If the government prints lots of cash, and then mails a bunch of cash to every
person in the country, then there will be inflation. Lots of inflation, if the
amount of cash is high enough. And there's no limit to how high the amount can
be.

To doubt that, you have to believe that someone of previously modest means who
now has a million dollars of cash in hand will just horde it, rather than go
out and buy the $40,000 car they've been wishing they had, or the nice
$500,000 house they now could live in, or the nifty $10,000 camera and lens
set that would be really fun to play with, or the...

Actually, you don't have to just believe that _someone_ will horde immense
amounts of cash rather than buy real, useful stuff with it, you have to
believe that _almost everyone_ will horde the cash.

People aren't like that.

------
adaisadais
Gold is such an odd form of value. If money, as Felix Martin puts it, is a
social technology then gold is an antisocial technology. (1)

Gold and silver look great in a recession because they (unlike the buyer) do
not panic.
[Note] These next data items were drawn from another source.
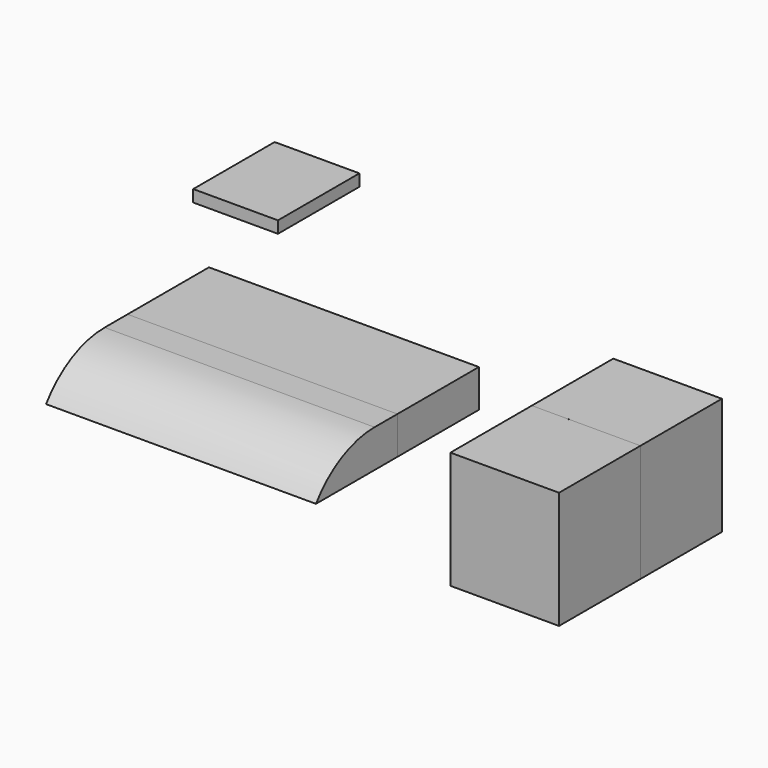
from build123d import *

# Parameters (mm, degrees)
F0_W        = 67.3399567604
F0_H        = 9.4070211053
F1_DEPTH    = 25.4
F0_W_2      = 21.1403407156
F0_H_2      = 2.9615163803
F0_W_3      = 27.1071493626
F0_H_3      = 29.2595624924
F2_DEPTH    = 25.4
F3_T1_DEPTH = 158.6723585187


# Not quite as in the source:
# - a fillet or chamfer that OpenCascade refuses, or shapes differently, is made with other operations: its cross-section is extruded or revolved along the edge and cut away or added


with BuildPart() as f1:
    # F0 (on Front) → F1 (new body)
    with BuildSketch(Plane.XZ):
        with Locations((-33.6699783802, -52.3458756506)):
            Rectangle(F0_W, F0_H)
    extrude(amount=F1_DEPTH)


with BuildPart() as f1b:
    # F0 (on Front) → F1, piece 2 (new body)
    with BuildSketch(Plane.XZ):
        with Locations((-40.380159393, -16.2786431611)):
            Rectangle(F0_W_2, F0_H_2)
    extrude(amount=F1_DEPTH)


with BuildPart() as f1c:
    # F0 (on Front) → F1, piece 3 (new body)
    with BuildSketch(Plane.XZ):
        with Locations((47.0881126821, -49.5216473937)):
            Rectangle(F0_W_3, F0_H_3)
    extrude(amount=F1_DEPTH)


with BuildPart() as f2:
    # F2 (new): a face of the model
    f2_faces = [f1c.part.faces().sort_by_distance(p)[0] for p in [
        (47.0881126821, -25.4, -49.5216473937),
    ]]
    extrude(f2_faces, amount=F2_DEPTH)


with BuildPart() as f2b:
    # F2#2 (new): a face of the model
    f2_2_faces = [f1.part.faces().sort_by_distance(p)[0] for p in [
        (-33.6699783802, -25.4, -52.3458756506),
    ]]
    extrude(f2_2_faces, amount=F2_DEPTH)

    # F3: fillet of radius 22.4383652268 on 1 edges, made by hand

    # F3_s2 → F3_t1 (cut)
    with BuildSketch(Plane.YZ.offset(-113.0061576395)):
        with BuildLine():
            ThreePointArc((-32.5335196483, -47.642365098), (-42.8067415202, -50.1322680677), (-50.8, -57.0493862033))
            Line((-50.8, -57.0493862033), (-50.8, -47.642365098))
            Line((-50.8, -47.642365098), (-32.5335196483, -47.642365098))
        make_face()
    extrude(amount=F3_T1_DEPTH, mode=Mode.SUBTRACT)


solid = Compound([f1.part, f1b.part, f1c.part, f2.part, f2b.part])
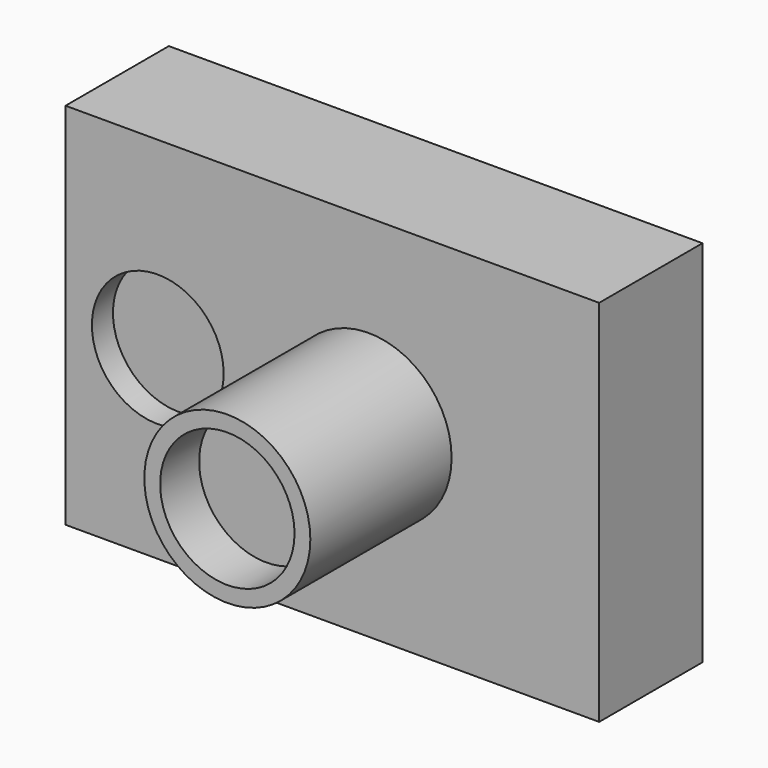
from build123d import *

# Parameters (mm, degrees)
F0_W     = 40.5
F0_H     = 28
F1_DEPTH = 9.8
F2_R     = 6.3
F2_R_2   = 5.1
F3_DEPTH = 13.4
F4_DEPTH = 9.7
F5_R     = 5
F6_DEPTH = 2


# Not quite as in the source:
# - a feature of the source that left no trace in its solid (it failed there, or was rolled back) is left out


with BuildPart() as f1:
    # F0 (on Front) → F1 (new body)
    with BuildSketch(Plane.XZ):
        with Locations((20.25, -14)):
            Rectangle(F0_W, F0_H)
    extrude(amount=F1_DEPTH)

    # F2 (on face) → F3 (join)
    with BuildSketch(Plane.XZ.offset(9.8)):
        with Locations((23, -14)):
            Circle(F2_R)
        with Locations((23, -14)):
            Circle(F2_R_2, mode=Mode.SUBTRACT)
    extrude(amount=F3_DEPTH)

    # F4 (add): a face of the model
    f4_faces = [f1.faces().sort_by_distance(p)[0] for p in [
        (23, -9.8, -14),
    ]]
    extrude(f4_faces, amount=F4_DEPTH)

    # F5 (on face) → F6 (cut)
    with BuildSketch(Plane.XZ.offset(9.8)):
        with Locations((7, -14)):
            Circle(F5_R)
    extrude(amount=-F6_DEPTH, mode=Mode.SUBTRACT)


solid = f1.part
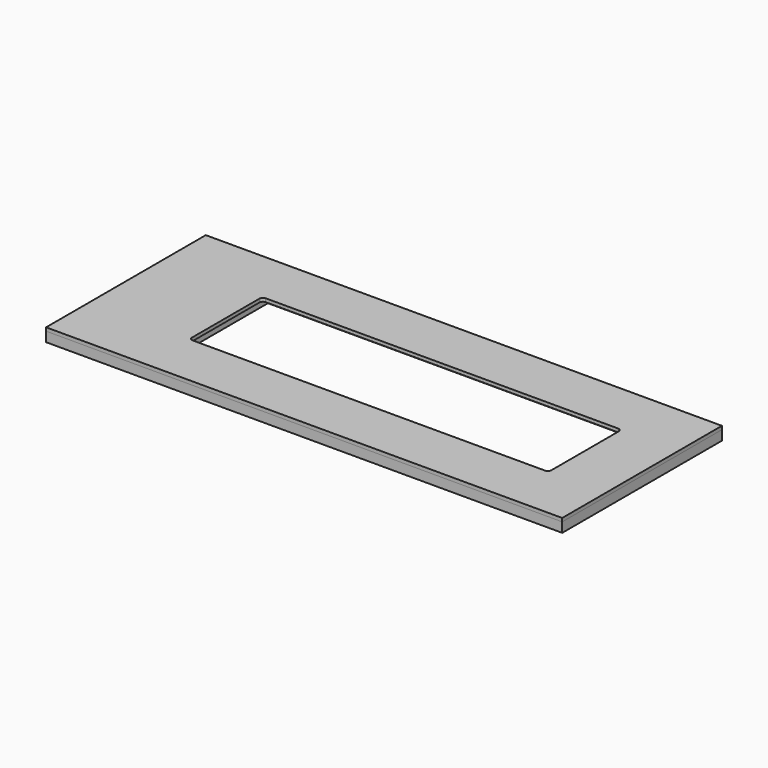
from build123d import *

# Parameters (mm, degrees)
F0_W     = 905
F0_H     = 350
F1_DEPTH = 6
F2_W     = 60
F2_H     = 210
F2_W_2   = 70
F3_DEPTH = 17


# Not quite as in the source:
# - a feature of the source that left no trace in its solid (it failed there, or was rolled back) is left out


with BuildPart() as f1:
    # F0 (on Top) → F1 (new body)
    with BuildSketch(Plane.XY):
        Rectangle(F0_W, F0_H)
        with BuildLine():
            ThreePointArc((-277.5, 74), (-275.7426406871, 78.2426406871), (-271.5, 80))
            Line((-271.5, 80), (346.5, 80))
            ThreePointArc((346.5, 80), (350.7426406871, 78.2426406871), (352.5, 74))
            Line((352.5, 74), (352.5, -74))
            ThreePointArc((352.5, -74), (350.7426406871, -78.2426406871), (346.5, -80))
            Line((346.5, -80), (-271.5, -80))
            ThreePointArc((-271.5, -80), (-275.7426406871, -78.2426406871), (-277.5, -74))
            Line((-277.5, -74), (-277.5, 74))
        make_face(mode=Mode.SUBTRACT)
    extrude(amount=F1_DEPTH)


with BuildPart() as f3:
    # F2 (on face) → F3 (new body)
    with BuildSketch(Plane(origin=(0, 0, 0), x_dir=(1, 0, 0), z_dir=(0, 0, -1))):
        with Locations((422.5, 0)):
            Rectangle(F2_W, F2_H)
        Polygon((452.5, 175), (-452.5, 175), (-452.5, 105), (-357.5, 105), (-287.5, 105), (392.5, 105), (452.5, 105), align=None)
        Polygon((-357.5, -105), (-452.5, -105), (-452.5, -175), (452.5, -175), (452.5, -105), (392.5, -105), (-287.5, -105), align=None)
        with Locations((-322.5, 0)):
            Rectangle(F2_W_2, F2_H)
    extrude(amount=F3_DEPTH)


solid = Compound([f1.part, f3.part])

However, in the long run they provide virtually no value to society
(unless you make some fancy jewelry or cover your toilet seat) and frankly I
find owning large amounts of gold to be a silly proposition.

If society were to collapse I don’t think anyone would be hoarding gold or
silver... unless your Blackbeard or Scrooge McDuck.

Edit: forgot to link :/ (1)
[https://www.google.com/amp/s/www.nytimes.com/2014/04/13/book...](https://www.google.com/amp/s/www.nytimes.com/2014/04/13/books/review/money-
by-felix-martin.amp.html)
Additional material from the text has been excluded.